WOMEN AND YOUNG PEOPLE, LEVERS OF ENDOGENOUS TRANSFORMATIONS

  • What  is  the  meaning  of  the transformations at work within African  societies  with  young people  who  are  both  a demographic  majority  and  a sociological   and   political minority,         developing increasingly anomic and non- standard         behaviors? Differentialist   disruption   or transition  towards  democratic transformations in societies?
  • How is the resilience to crises practised by women developed? How to draw from them replicable models and best practices?
  • Questioning the impact of safety nets on women, particularly in the event of the weakening or failure of their businesses, which can be destructuring for African societies.
  • What are the dynamics of social movements on the continent in relation to the renewal of social struggles and the capacity for adaptation, innovation and resistance of African young people and women?

BETWEEN  “WHAT  COUNTS”  AND  “WHAT  WE  COUNT”:  AFRICA  IN  SEARCH  OF MEASUREMENT INDICATORS SPECIFIC TO ITS SOCIETIES

  • Analysis of the inadequacy of instruments and indicators for measuring traditional individual and collective progress in relation to African societies?
  • What are the terms of sovereignty indicators to measure gains in autonomy based on social, economic, cultural, technical, etc. innovations?
  • How do AROA researchers and contributors redefine alternative methodologies to GDP and to the orthodox neoliberal orientations of international institutions?
  • How can Africa re-examine gender equality through a new valuation of “unpaid work”, which is currently neither valued nor counted in GDP?
  • How to account and analyze GDP in relation to global warming – in particular greenhouse gas emissions which harm the global climate with the worst consequences for Africa – and the conservation of natural resources?

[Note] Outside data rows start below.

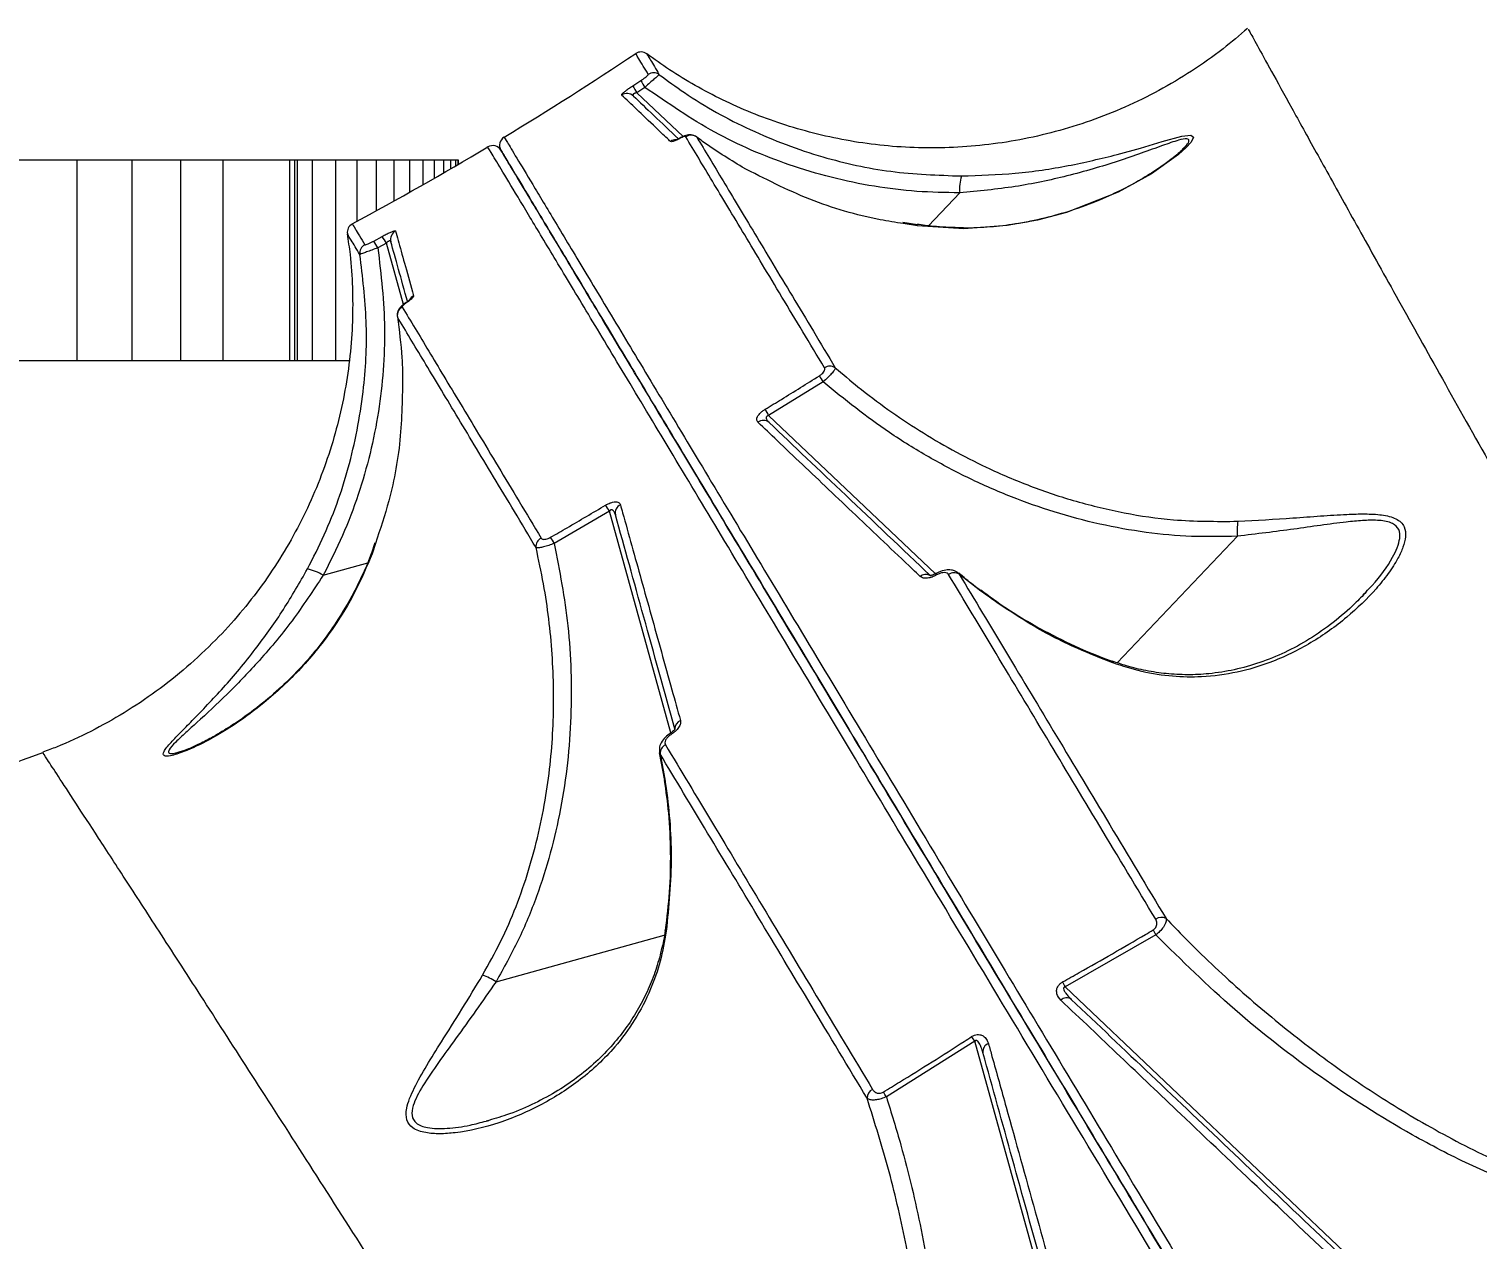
# Model space of a CAD drawing. Header units: millimetres. Extents: x -5960 to 5379, y -4374 to 3849.
# Drawn here: x 196.2 to 347.6, y 184.9 to 311.5 of the extents above; entities that cross this region are included whole.
import ezdxf

# ---------------------------------------------------------------- set-up
doc = ezdxf.new("R2010")
doc.units = ezdxf.units.MM
doc.layers.add('DiKom', color=7, linetype='Continuous', lineweight=0)
for name, color, linetype in [('DIKOM_ОБЪЕКТ', 7, 'Continuous'), ('DIKOM_РАЗМЕР_ЗОНА', 7, 'Continuous'), ('DIKOM_РАЗМЕР_ОБЪЕКТА', 7, 'Continuous')]:
    doc.layers.add(name, color=color, linetype=linetype)
doc.styles.add('style1', font='arial.ttf', dxfattribs={"width": 0.8})
doc.dimstyles.new('1-50', dxfattribs={"dimtxt": 300, "dimasz": 200, "dimexe": 100, "dimexo": 0, "dimgap": 100, "dimtad": 1, "dimtxsty": 'style1', "dimcen": 200, "dimclrd": 7, "dimclre": 7, "dimclrt": 7, "dimadec": 1, "dimazin": 2, "dimtfac": 1, "dimtmove": 0, "dimatfit": 2, "dimfxl": 0, "dimlwd": 25, "dimlwe": 18, "dimarcsym": 0})

# ---------------------------------------------------------------- blocks, each defined once
blk = doc.blocks.new('*D9')
at = {"layer": 'Defpoints', "color": 0, "transparency": 16777216}
for p in [(1597.35, 2348.89), (-3820.85, -1673.22), (-66.51, -1673.22)]:
    blk.add_point(p, dxfattribs=at)
at = {"layer": 'DiKom', "color": 7, "lineweight": 18, "transparency": 16777216}
for p, q in [((1597.35, 2348.89), (-3920.85, 2348.89)), ((-66.51, -1673.22), (-3920.85, -1673.22))]:
    blk.add_line(p, q, dxfattribs=at)
at = {"layer": 'DiKom', "color": 7, "lineweight": 25, "transparency": 16777216}
blk.add_line((-3820.85, 2148.89), (-3820.85, -1473.22), dxfattribs=at)
at = {"layer": 'DiKom', "color": 7, "transparency": 16777216}
for points in [[(-3854.19, 2148.89), (-3787.52, 2148.89), (-3820.85, 2348.89)], [(-3854.19, -1473.22), (-3787.52, -1473.22), (-3820.85, -1673.22)]]:
    blk.add_solid(points, dxfattribs=at)
at = {"layer": 'DiKom', "color": 7, "transparency": 16777216, "insert": (-4074.02, 240.95), "char_height": 300, "attachment_point": 5, "rotation": 90, "style": 'style1'}
blk.add_mtext('4050', dxfattribs=at)
blk = doc.blocks.new('*D10')
at = {"layer": 'Defpoints', "color": 0, "transparency": 16777216}
for p in [(3878.62, 405.09), (-2876.93, -459.72), (3878.62, -2693.66)]:
    blk.add_point(p, dxfattribs=at)
at = {"layer": 'DIKOM_РАЗМЕР_ОБЪЕКТА', "color": 7, "lineweight": 18, "transparency": 16777216}
for p, q in [((3878.62, 405.09), (3878.62, -2793.66)), ((-2876.93, -459.72), (-2876.93, -2793.66))]:
    blk.add_line(p, q, dxfattribs=at)
at = {"layer": 'DIKOM_РАЗМЕР_ОБЪЕКТА', "color": 7, "lineweight": 25, "transparency": 16777216}
blk.add_line((-2676.93, -2693.66), (3678.62, -2693.66), dxfattribs=at)
at = {"layer": 'DIKOM_РАЗМЕР_ОБЪЕКТА', "color": 7, "transparency": 16777216}
for points in [[(-2676.93, -2660.33), (-2676.93, -2726.99), (-2876.93, -2693.66)], [(3678.62, -2660.33), (3678.62, -2726.99), (3878.62, -2693.66)]]:
    blk.add_solid(points, dxfattribs=at)
at = {"layer": 'DIKOM_РАЗМЕР_ОБЪЕКТА', "color": 7, "transparency": 16777216, "insert": (-142.96, -2440.49), "char_height": 300, "attachment_point": 5, "style": 'style1'}
blk.add_mtext('6750', dxfattribs=at)
blk = doc.blocks.new('*D12')
at = {"layer": 'Defpoints', "color": 0, "transparency": 16777216}
for p in [(1921.97, 3848.89), (-5510.19, -3173.22), (433.49, -3173.22)]:
    blk.add_point(p, dxfattribs=at)
at = {"layer": 'DIKOM_РАЗМЕР_ЗОНА', "color": 7, "lineweight": 18, "transparency": 16777216}
for p, q in [((1921.97, 3848.89), (-5610.19, 3848.89)), ((433.49, -3173.22), (-5610.19, -3173.22))]:
    blk.add_line(p, q, dxfattribs=at)
at = {"layer": 'DIKOM_РАЗМЕР_ЗОНА', "color": 7, "lineweight": 25, "transparency": 16777216}
blk.add_line((-5510.19, 3648.89), (-5510.19, -2973.22), dxfattribs=at)
at = {"layer": 'DIKOM_РАЗМЕР_ЗОНА', "color": 7, "transparency": 16777216}
for points in [[(-5543.52, 3648.89), (-5476.85, 3648.89), (-5510.19, 3848.89)], [(-5543.52, -2973.22), (-5476.85, -2973.22), (-5510.19, -3173.22)]]:
    blk.add_solid(points, dxfattribs=at)
at = {"layer": 'DIKOM_РАЗМЕР_ЗОНА', "color": 7, "transparency": 16777216, "insert": (-5763.36, 142.42), "char_height": 300, "attachment_point": 5, "rotation": 90, "style": 'style1'}
blk.add_mtext('7050', dxfattribs=at)

msp = doc.modelspace()

# ---------------------------------------------------------------- linework, layer by layer
at = {"layer": 'DIKOM_ОБЪЕКТ', "color": 7, "linetype": 'Continuous', "lineweight": 15}
for p, q in [((260.823, 308.846), (260.843, 308.811)), ((259.355, 305.5), (260.205, 306.056)), ((261.979, 306.919), (262.13, 306.669)), ((260.635, 305.34), (259.783, 304.783)), ((259.783, 304.783), (264.623, 300.19)), ((316.854, 298.887), (317.024, 299.053)), ((316.978, 298.995), (316.887, 298.904)), ((194.787, 297.778), (201.237, 297.778)), ((201.237, 297.778), (201.237, 276.778)), ((201.237, 297.778), (206.986, 297.778)), ((206.986, 297.778), (206.986, 276.778)), ((206.986, 297.778), (212.059, 297.778)), ((212.059, 297.778), (212.059, 276.778)), ((212.059, 297.778), (216.48, 297.778)), ((216.48, 297.778), (216.48, 276.778)), ((216.48, 297.778), (223.46, 297.778)), ((223.46, 297.778), (223.46, 276.778)), ((223.46, 297.778), (223.992, 297.778)), ((223.992, 297.778), (223.992, 276.778)), ((223.992, 297.778), (224.262, 297.778)), ((224.262, 297.778), (224.262, 276.778)), ((224.262, 297.778), (224.276, 297.778)), ((224.276, 297.778), (225.822, 297.778)), ((224.276, 297.778), (224.276, 276.778)), ((225.822, 297.778), (225.822, 276.778)), ((225.822, 297.778), (228.261, 297.778)), ((228.261, 297.778), (228.261, 276.778)), ((228.261, 297.778), (230.501, 297.778)), ((230.501, 297.778), (230.501, 291.324)), ((230.501, 297.778), (232.54, 297.778)), ((232.54, 297.778), (232.54, 292.435)), ((232.54, 297.778), (234.372, 297.778)), ((234.372, 297.778), (234.372, 293.447)), ((234.372, 297.778), (235.994, 297.778)), ((235.994, 297.778), (235.994, 294.355)), ((235.994, 297.778), (237.402, 297.778)), ((237.402, 297.778), (237.402, 295.151)), ((237.402, 297.778), (238.591, 297.778)), ((238.591, 297.778), (238.591, 295.83)), ((238.591, 297.778), (239.557, 297.778)), ((239.557, 297.778), (239.557, 296.387)), ((239.557, 297.778), (240.296, 297.778)), ((240.296, 297.778), (240.296, 296.815)), ((240.296, 297.778), (240.804, 297.778)), ((240.804, 297.778), (240.804, 297.111)), ((240.804, 297.778), (241.078, 297.778)), ((241.078, 297.778), (241.078, 297.27)), ((241.078, 297.778), (241.112, 297.778)), ((241.112, 297.778), (241.112, 297.29)), ((290.277, 290.871), (293.545, 294.315)), ((289.123, 290.98), (287.612, 291.196)), ((289.15, 290.848), (287.642, 291.099)), ((289.101, 290.885), (289.11, 290.885)), ((289.11, 290.885), (289.15, 290.848)), ((232.266, 289.268), (233.156, 289.758)), ((230.821, 287.857), (230.692, 288.071)), ((233.588, 289.044), (232.696, 288.553)), ((235.37, 282.619), (233.588, 289.044)), ((235.658, 282.834), (235.651, 282.83)), ((194.787, 276.778), (201.237, 276.778)), ((201.237, 276.778), (206.986, 276.778)), ((206.986, 276.778), (212.059, 276.778)), ((212.059, 276.778), (216.48, 276.778)), ((216.48, 276.778), (223.46, 276.778)), ((223.46, 276.778), (223.992, 276.778)), ((223.992, 276.778), (224.262, 276.778)), ((224.262, 276.778), (224.276, 276.778)), ((224.276, 276.778), (225.822, 276.778)), ((225.822, 276.778), (228.261, 276.778)), ((228.261, 276.778), (229.713, 276.778)), ((279.254, 274.536), (273.568, 271.022)), ((273.568, 271.022), (291.015, 254.466)), ((256.925, 261.023), (251.154, 257.652)), ((263.353, 237.846), (256.925, 261.023)), ((232.39, 257.726), (232.029, 256.646)), ((232.447, 257.659), (232.105, 256.572)), ((310.024, 245.166), (322.584, 258.402)), ((232.105, 256.572), (232.092, 256.626)), ((226.981, 254.319), (231.636, 255.61)), ((291.095, 254.506), (291.093, 254.505)), ((293.412, 254.535), (293.502, 254.427)), ((295.758, 252.648), (293.502, 254.427)), ((295.73, 252.728), (295.758, 252.648)), ((335.719, 252.275), (336.039, 252.602)), ((262.136, 235.755), (262.684, 232.861)), ((262.22, 235.631), (262.184, 235.769)), ((262.22, 235.631), (262.731, 232.804)), ((262.731, 232.804), (262.673, 232.866)), ((245.057, 211.819), (262.645, 216.697)), ((314.05, 216.709), (304.582, 211.262)), ((304.582, 211.262), (345.944, 172.011)), ((295.13, 205.583), (285.876, 199.78)), ((310.378, 150.601), (295.13, 205.583)), ((244.042, 197.243), (244.289, 197.305))]:
    msp.add_line(p, q, dxfattribs=at)
at = {"layer": 'DIKOM_ОБЪЕКТ', "color": 7, "linetype": 'Continuous', "lineweight": 15, "flags": 128}
for points in [[(264.302, 300.045), (264.284, 300.034), (264.234, 299.977)], [(310.019, 298.314), (312.469, 298.997), (314.723, 299.667), (316.769, 300.234), (317.718, 300.35), (318.004, 300.128), (317.755, 299.615), (317.201, 299.007), (316.425, 298.316), (313.594, 296.296), (310.12, 294.378), (304.716, 292.247), (301.688, 291.444), (298.509, 290.882), (293.994, 290.565), (289.15, 290.848), (289.15, 290.848)], [(235.742, 282.857), (235.668, 282.84), (235.658, 282.834)], [(309.513, 245.321), (309.545, 245.29), (309.569, 245.156)], [(263.396, 237.688), (263.327, 237.765), (263.286, 237.795), (263.281, 237.794)], [(262.862, 217.092), (262.756, 217.176), (262.743, 217.219)]]:
    msp.add_lwpolyline(points, dxfattribs=at)
at = {"layer": 'DIKOM_ОБЪЕКТ', "color": 7, "linetype": 'Continuous', "lineweight": 15}
for centre, radius, start, end in [((260.224, 308.047), 1, 53.02793, 123.72383), ((54.491, 616.778), 370, 301.1544, 303.67884), ((266.281, 309.217), 6.849, 207.48548, 214.475), ((261.536, 305.864), 1, 53.59139, 123.71924), ((258.745, 303.707), 0.994, 46.64436, 123.46296), ((265.371, 308.6), 6.768, 207.25878, 214.33351), ((246.427, 299.285), 1, 121.13438, 211), ((263.851, 298.863), 1.004, 88.22727, 124.08989), ((265.459, 299.336), 1.001, 54.07271, 123.84593), ((54.491, 616.778), 370, 298.32128, 300.84546), ((244.713, 298.255), 1, 31, 120.82783), ((298.414, 294.672), 4.882, 163.29612, 184.19714), ((230.499, 290.186), 1, 118.22928, 188.99287), ((226.618, 285.385), 6.855, 27.52861, 34.51254), ((227.591, 285.899), 6.771, 27.66924, 34.74075), ((235.025, 289.455), 0.994, 118.53687, 195.35517), ((231.811, 288.003), 1, 118.28156, 188.40762), ((236.906, 282.671), 1.005, 117.91825, 151.9792), ((235.733, 281.475), 1.001, 118.15911, 187.92406), ((279.971, 275.187), 1.006, 56.04892, 124.35316), ((288.736, 280.543), 11.225, 208.52804, 212.35419), ((282.521, 276.479), 10.485, 207.25919, 211.36138), ((273.004, 269.59), 0.927, 48.77461, 127.1326), ((247.911, 255.684), 10.477, 30.63591, 34.74131), ((258.454, 260.848), 0.927, 114.86753, 193.22627), ((331.355, 258.928), 8.786, 173.24292, 183.43236), ((250.242, 257.324), 1.006, 117.64748, 185.95023), ((241.395, 252.097), 11.229, 29.64577, 33.47042), ((224.379, 250.188), 4.882, 57.80183, 78.70527), ((289.999, 253.468), 0.944, 63.35403, 129.03913), ((291.281, 254.474), 0.191, 170.67613, 219.00357), ((292.967, 253.567), 1.013, 58.09214, 124.84664), ((264.687, 238.29), 0.919, 112.01668, 180.99464), ((263.23, 235.7), 1.013, 117.15536, 183.90748), ((54.491, 616.778), 407, 285.5, 290.59785), ((314.645, 217.506), 1.033, 62.09251, 125.66704), ((326.386, 223.956), 14.307, 208.07444, 210.43323), ((240.475, 204.323), 8.785, 58.56597, 68.75706), ((316.083, 217.609), 13.137, 206.31402, 208.89302), ((304.732, 209.288), 0.837, 54.59545, 135.05076), ((284.129, 198.409), 13.134, 33.10724, 35.68669), ((296.803, 204.524), 0.837, 106.94927, 187.40268), ((284.894, 199.629), 1.033, 116.33289, 179.9058), ((273.678, 192.286), 14.316, 31.56733, 33.92473)]:
    msp.add_arc(centre, radius, start, end, dxfattribs=at)
for points, knots in [([(323.642, 311.514), (322.805, 310.79), (320.947, 309.185), (317.837, 307.019), (314.406, 304.977), (310.864, 303.243), (307.244, 301.807), (303.569, 300.669), (299.863, 299.826), (296.151, 299.272), (292.454, 298.999), (288.796, 298.999), (285.197, 299.26), (281.677, 299.772), (278.256, 300.518), (274.951, 301.483), (271.78, 302.649), (268.757, 303.996), (265.899, 305.504), (263.25, 307.109), (261.612, 308.286), (260.826, 308.851)], [0, 0, 0, 0, 0.0488008, 0.1082504, 0.1669132, 0.2248333, 0.2820409, 0.3385555, 0.3943875, 0.4495383, 0.504001, 0.5577608, 0.6107944, 0.6630688, 0.7145403, 0.7651536, 0.814838, 0.8635047, 0.9110426, 0.9573115, 1, 1, 1, 1]), ([(323.727, 311.412), (323.744, 311.381), (323.782, 311.312), (324.597, 309.831), (326.047, 307.2), (328.123, 303.44), (330.747, 298.697), (333.87, 293.066), (337.572, 286.409), (341.868, 278.709), (346.757, 269.975), (352.101, 260.46), (357.861, 250.242), (363.991, 239.404), (370.621, 227.719), (377.762, 215.179), (385.366, 201.864), (390.777, 192.428), (393.481, 187.712)], [0, 0, 0, 0, 0.0514885, 0.1168135, 0.183077, 0.2493403, 0.3115762, 0.3738608, 0.4360977, 0.5001476, 0.5642495, 0.6283004, 0.6894107, 0.7505652, 0.8116762, 0.8744349, 0.9372408, 1, 1, 1, 1]), ([(260.981, 306.696), (260.624, 307.291), (259.909, 308.48), (259.563, 309.056), (259.672, 308.875), (259.674, 308.873)], [0, 0, 0, 0, 0.496991, 0.9939854, 1, 1, 1, 1]), ([(260.843, 308.811), (260.89, 308.734), (260.979, 308.585), (261.656, 307.457), (261.979, 306.919)], [0, 0, 0, 0, 0.5227086, 1, 1, 1, 1]), ([(260.205, 306.056), (260.282, 306.107), (260.444, 306.216), (260.671, 306.382), (260.856, 306.533), (260.974, 306.649), (260.978, 306.681), (260.981, 306.696)], [0, 0, 0, 0, 0.1798209, 0.3800791, 0.5811842, 0.7906641, 1, 1, 1, 1]), ([(262.13, 306.669), (262.103, 306.651), (262.049, 306.615), (261.773, 306.375), (261.386, 306.028), (260.984, 305.661), (260.729, 305.427), (260.635, 305.34)], [0, 0, 0, 0, 0.2193611, 0.4388158, 0.6560279, 0.8732992, 1, 1, 1, 1]), ([(262.13, 306.669), (262.998, 306.036), (265.994, 303.85), (271.619, 300.716), (278.901, 297.989), (286.353, 296.336), (291.26, 296.163), (293.738, 296.075)], [0, 0, 0, 0, 0.0953048, 0.3289408, 0.5680092, 0.7817925, 1, 1, 1, 1]), ([(258.197, 304.537), (258.196, 304.559), (258.193, 304.604), (258.367, 304.78), (258.651, 305.01), (258.997, 305.262), (259.242, 305.425), (259.355, 305.5)], [0, 0, 0, 0, 0.2131277, 0.4264725, 0.6306112, 0.8289299, 1, 1, 1, 1]), ([(263.289, 299.694), (263.184, 299.794), (262.659, 300.293), (261.391, 301.499), (259.683, 303.123), (258.693, 304.065), (258.197, 304.537)], [0, 0, 0, 0, 0.0480618, 0.2403219, 0.6198805, 1, 1, 1, 1]), ([(259.783, 304.783), (259.732, 304.771), (259.641, 304.751), (259.545, 304.711), (259.469, 304.669), (259.427, 304.635), (259.388, 304.584), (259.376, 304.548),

We are calling for contributions from researchers, thinkers, research institutions, think tanks, actors, development professionals, etc. on the questions set  out  above.  Contributions  may  relate  to countries, regions or the entire continent and report quantitatively and qualitatively on the changes and transformations at work in Africa. They must promote emancipatory innovations, strategies and policies of resilience or resistance to neoliberal logics and reflect African specificities.

Contributions must not exceed 12 single-spaced pages in font size 12 Times new Roman. Contribution proposals must specify: the format of the proposed contribution  (theoretical  modelling,  case  study, critical   reflection,   sharing   of   experiences, participation  in  a  round  table,  monograph, biography);  the  subject  dealt  with  and  the contribution in empirical or scientific knowledge.

For scientifically oriented contributions, include methodology and bibliography. Contributions may include diagrams, figures, maps.

The deadline for submitting contribution proposals is 3O April, 2023. Afterwards, the scientific committee and the permanent secretariat of AROA will send you their assessments and validations. The deadline for submitting contributions will be 30 June, 2023.

Pan-African solidarity!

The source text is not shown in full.